A key component of income investing is a portfolio that includes safe dividends, those that are unlikely to shrink or disappear. Recognizing when a dividend is stable and safe can be a challenge. Yet, certain metrics can offer clear signs for the investor looking to establish or shore up such a portfolio. What do these metrics tell us about the quarterly dividend at Verizon Communications Inc. (NYSE: VZ)?
Verizon’s most recent payout was $0.655 a share, and the yield is now about 6.8%. Assuming it follows the well-established pattern, the next ex-dividend date likely will be in early February. The current yield is a bit better than that of telecom services competitor AT&T Inc. (NYSE: T) and well above that of T-Mobile US Inc. (NASDAQ: TMUS). It is also above the 5% or so industry average.
Dividend Aristocrat?
One clear sign of whether a dividend is stable and safe is whether the company is a Dividend Aristocrat. Those are companies in the S&P 500 that have not only paid a dividend consistently for 25 years but have increased their payouts every year as well. Verizon is an S&P 500 company, and it has increased its dividend annually since 2007. While that is a good run, it leaves it almost a decade short of being a Dividend Aristocrat. (See which five highest-yielding Dividend Kings could help you retire rich.)Other Valuation Metrics
Verizon has had a good run of consecutive dividend increases, but let’s see if the following financial ratios provide any additional insight.The dividend payout ratio indicates how much of a company’s earnings are paid out as a dividend. It is a sign of how safe a company’s dividend is and how much room it has for future growth. The higher the ratio, the greater the risk. Income investors often look for a dividend payout ratio of less than 60%. Alas, Verizon’s current dividend payout ratio is over 63%, the highest it has been since the spring of 2020.
A look at free cash flow reveals whether the company has the funds required for its payout, as well as for share repurchases or even paying down debt or making acquisitions. As of last September, Verizon’s free cash flow was about $14.6 billion for the trailing 12 months, which is higher than the $14.0 billion for 2022 but less than the $19.3 billion for 2021. Income investors prefer growing free cash flows, but at Verizon they have risen and fallen over the past decade.
Return on invested capital is a measure of how well a company allocates its capital to profitable projects or investments. Again, the thing to look for is stability, specifically a double-digit ROIC over many years. Verizon’s ROIC has been fairly stable, at around 10% for the past couple of years. Not so much in the long run, though, as it was almost 15% in 2015 and around 20% in 2018.
Operating margin is a measure of the percentage of revenue a company keeps as operating profit. Here too the preference is for a stable double-digit percentage increase. Verizon’s operating margin has been mostly above 20% since 2016.
A look at sales growth offers a clue to the volatility or cyclical nature of the business. Steady, moderate growth, say 3% to 7%, is ideal. While the swings in Verizon’s annual revenue are not wild, the growth has faltered now and again since 2010. The overall trend in that time has been upward, however.
A company’s net debt-to-capital ratio also can signal whether a dividend may be at risk. Because too much debt can put dividends at risk in hard times, a lower ratio is considered better. A ratio above 0.6 usually means that a business has significantly more debt than equity. Verizon’s ratio has fallen from nearly 0.9 in 2014 and now is about 0.6.

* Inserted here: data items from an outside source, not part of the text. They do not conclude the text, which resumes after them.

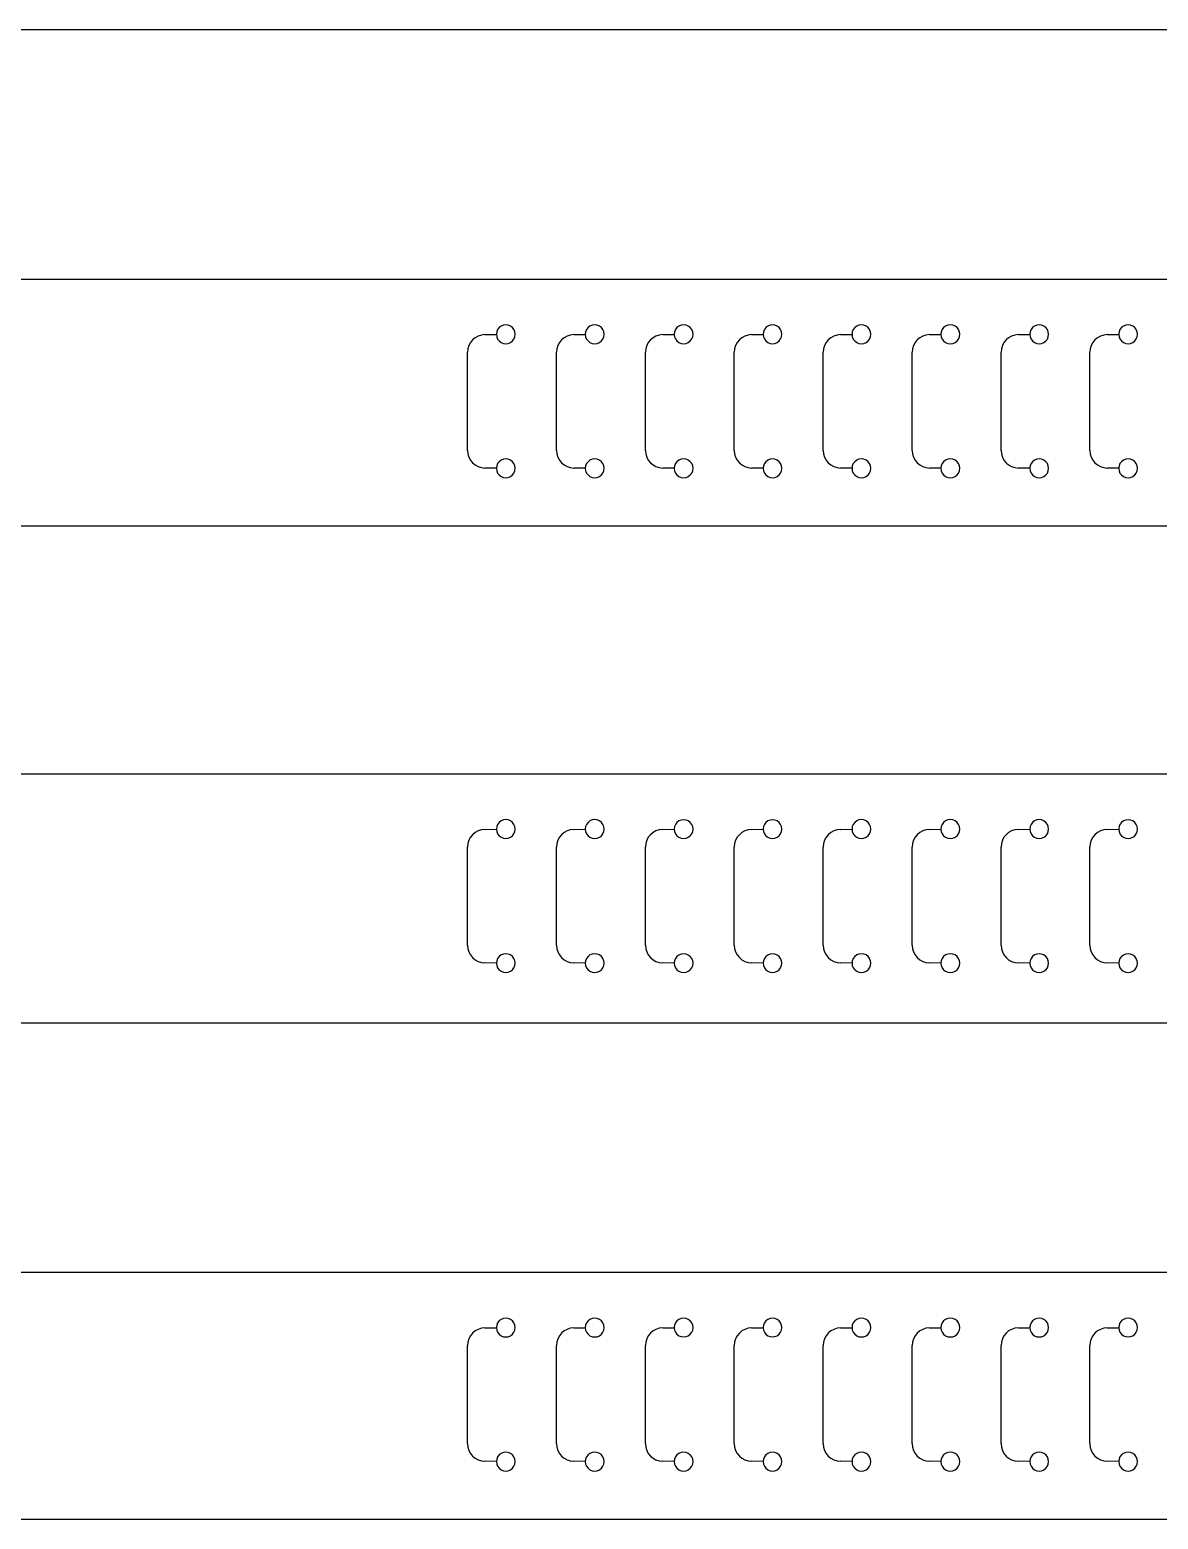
# Model space of a CAD drawing. Extents: x 8 to 984, y 25 to 710.
# Drawn here: x 200.6 to 296.5, y 183.1 to 309.8 of the extents above; entities that cross this region are included whole.
import ezdxf

# ---------------------------------------------------------------- set-up
doc = ezdxf.new("R2010")
doc.units = 0
doc.layers.add('Layer_1', color=7, linetype='CONTINUOUS')

msp = doc.modelspace()

# ---------------------------------------------------------------- linework, layer by layer
at = {"layer": 'Layer_1', "color": 7}
for p, q in [((377.04821, 309.803019), (34.461752, 309.803019)), ((21.761749, 288.603015), (377.04821, 288.603015)), ((21.820484, 267.606341), (364.406947, 267.606341)), ((21.761749, 246.520637), (377.04821, 246.520637)), ((377.04821, 225.329523), (34.461749, 225.329523)), ((21.761749, 204.129519), (377.04821, 204.129519)), ((21.820484, 183.132847), (364.406947, 183.132847))]:
    msp.add_line(p, q, dxfattribs=at)
at = {"layer": 'Layer_1', "color": 1}
for p, q in [((239.321187, 283.878271), (240.293583, 283.893617)), ((240.293477, 283.906343), (240.293477, 283.906343)), ((246.87816, 283.878271), (247.850557, 283.893617)), ((247.850451, 283.906343), (247.850451, 283.906343)), ((254.435136, 283.878271), (255.407533, 283.893617)), ((255.407427, 283.906343), (255.407427, 283.906343)), ((261.992113, 283.878271), (262.964509, 283.893617)), ((262.964403, 283.906343), (262.964403, 283.906343)), ((269.549113, 283.878271), (270.521483, 283.893617)), ((270.521404, 283.906343), (270.521404, 283.906343)), ((277.106089, 283.878271), (278.078486, 283.893617)), ((278.07838, 283.906343), (278.07838, 283.906343)), ((284.663065, 283.878271), (285.635462, 283.893617)), ((285.635356, 283.906343), (285.635356, 283.906343)), ((292.220041, 283.878271), (293.192438, 283.893617)), ((293.192332, 283.906343), (293.192332, 283.906343)), ((237.844944, 274.034236), (237.844944, 282.378454)), ((245.401917, 274.034236), (245.401917, 282.378454)), ((252.958894, 274.034236), (252.958894, 282.378454)), ((260.515896, 274.034236), (260.515896, 282.378454)), ((268.07287, 274.034236), (268.07287, 282.378454)), ((275.629846, 274.034236), (275.629846, 282.378454)), ((283.186823, 274.034236), (283.186823, 282.378454)), ((290.743799, 274.034236), (290.743799, 282.378454)), ((240.293581, 272.51902), (239.321184, 272.534366)), ((240.293477, 272.506347), (240.293477, 272.506347)), ((247.850557, 272.51902), (246.87816, 272.534366)), ((247.850451, 272.506347), (247.850451, 272.506347)), ((255.407533, 272.51902), (254.435136, 272.534366)), ((255.407427, 272.506347), (255.407427, 272.506347)), ((262.964509, 272.51902), (261.992113, 272.534366)), ((262.964403, 272.506347), (262.964403, 272.506347)), ((270.521483, 272.51902), (269.549113, 272.534366)), ((270.521404, 272.506347), (270.521404, 272.506347)), ((278.078486, 272.51902), (277.106089, 272.534366)), ((278.07838, 272.506347), (278.07838, 272.506347)), ((285.635462, 272.51902), (284.663065, 272.534366)), ((285.635356, 272.506347), (285.635356, 272.506347)), ((293.192438, 272.51902), (292.220041, 272.534366)), ((293.192332, 272.506347), (293.192332, 272.506347)), ((239.321184, 241.795893), (240.293581, 241.811239)), ((240.293475, 241.823966), (240.293475, 241.823966)), ((246.87816, 241.795893), (247.850557, 241.811239)), ((247.850451, 241.823966), (247.850451, 241.823966)), ((254.435136, 241.795893), (255.407533, 241.811239)), ((255.407427, 241.823966), (255.407427, 241.823966)), ((261.992113, 241.795893), (262.964509, 241.811239)), ((262.964403, 241.823966), (262.964403, 241.823966)), ((269.549113, 241.795893), (270.521483, 241.811239)), ((270.521404, 241.823966), (270.521404, 241.823966)), ((277.106089, 241.795893), (278.078486, 241.811239)), ((278.07838, 241.823966), (278.07838, 241.823966)), ((284.663065, 241.795893), (285.635462, 241.811239)), ((285.635356, 241.823966), (285.635356, 241.823966)), ((292.220041, 241.795893), (293.192438, 241.811239)), ((293.192332, 241.823966), (293.192332, 241.823966)), ((237.844941, 231.951859), (237.844941, 240.296076)), ((245.401917, 231.951859), (245.401917, 240.296076)), ((252.958894, 231.951859), (252.958894, 240.296076)), ((260.515896, 231.951859), (260.515896, 240.296076)), ((268.07287, 231.951859), (268.07287, 240.296076)), ((275.629846, 231.951859), (275.629846, 240.296076)), ((283.186823, 231.951859), (283.186823, 240.296076)), ((290.743799, 231.951859), (290.743799, 240.296076)), ((240.293581, 230.436643), (239.321184, 230.451989)), ((240.293475, 230.423969), (240.293475, 230.423969)), ((247.850557, 230.436643), (246.87816, 230.451989)), ((247.850451, 230.423969), (247.850451, 230.423969)), ((255.407533, 230.436643), (254.435136, 230.451989)), ((255.407427, 230.423969), (255.407427, 230.423969)), ((262.964509, 230.436643), (261.992113, 230.451989)), ((262.964403, 230.423969), (262.964403, 230.423969)), ((270.521483, 230.436643), (269.549113, 230.451989)), ((270.521404, 230.423969), (270.521404, 230.423969)), ((278.078486, 230.436643), (277.106089, 230.451989)), ((278.07838, 230.423969), (278.07838, 230.423969)), ((285.635462, 230.436643), (284.663065, 230.451989)), ((285.635356, 230.423969), (285.635356, 230.423969)), ((293.192438, 230.436643), (292.220041, 230.451989)), ((293.192332, 230.423969), (293.192332, 230.423969)), ((239.321184, 199.404775), (240.293581, 199.420121)), ((240.293475, 199.432847), (240.293475, 199.432847)), ((246.87816, 199.404775), (247.850557, 199.420121)), ((247.850451, 199.432847), (247.850451, 199.432847)), ((254.435136, 199.404775), (255.407533, 199.420121)), ((255.407427, 199.432847), (255.407427, 199.432847)), ((261.992113, 199.404775), (262.964509, 199.420121)), ((262.964403, 199.432847), (262.964403, 199.432847)), ((269.549113, 199.404775), (270.521483, 199.420121)), ((270.521404, 199.432847), (270.521404, 199.432847)), ((277.106089, 199.404775), (278.078486, 199.420121)), ((278.07838, 199.432847), (278.07838, 199.432847)), ((284.663065, 199.404775), (285.635462, 199.420121)), ((285.635356, 199.432847), (285.635356, 199.432847)), ((292.220041, 199.404775), (293.192438, 199.420121)), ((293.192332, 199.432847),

Probably the most popular valuation metric is the price-to-earnings (PE) ratio. This indicates whether a stock is expensive or cheap at its current market price and how it compares to the broader market or competitors. Verizon’s low PE ratio of about 7.7 indicates it may be undervalued. A PE ratio of 15 has been a historical benchmark, but the broader market now has a PE of 24 or so. T-Mobile’s PE is higher than the market average, while the ratio at AT&T is lower than that of Verizon. (Why the six highest-yielding Warren Buffett stocks are perfect 2024 investments.)
And finally, the number of shares outstanding is worth a look. When companies buy back their shares, that total shrinks. But secondary offerings of stock increase that number. Investors tend to prefer a declining total, as that increases their stake over time. Alas, about 4.2 billion Verizon shares are outstanding, the highest total since 2010. The total has grown annually since 2016. Note that the company halted its share repurchase plan last year.
Summary
Many analysts see Verizon as a value trap, with its generous dividend as the main draw for investors. And a few metrics, including the dividend payout ratio, suggest there may be some risk to that dividend.Dividend Aristocrat | 🗙 |
Dividend payout ratio | 🗙 |
Free cash flow | 🗙 |
Return on invested capital | 🗙 |
Operating margin | ✔ |
Sales growth | ✔ |
Net debt to capital ratio | ✔ |
PE ratio | ✔ |
Shares outstanding | 🗙 |
The company has had a good run of increasing its payout annually, even if it has a ways to go to become a Dividend Aristocrat. The dividend may be safe for now, but the company does bear watching. Few analysts currently recommend buying the stock, and their consensus price target suggests about 6% upside for the share price this year.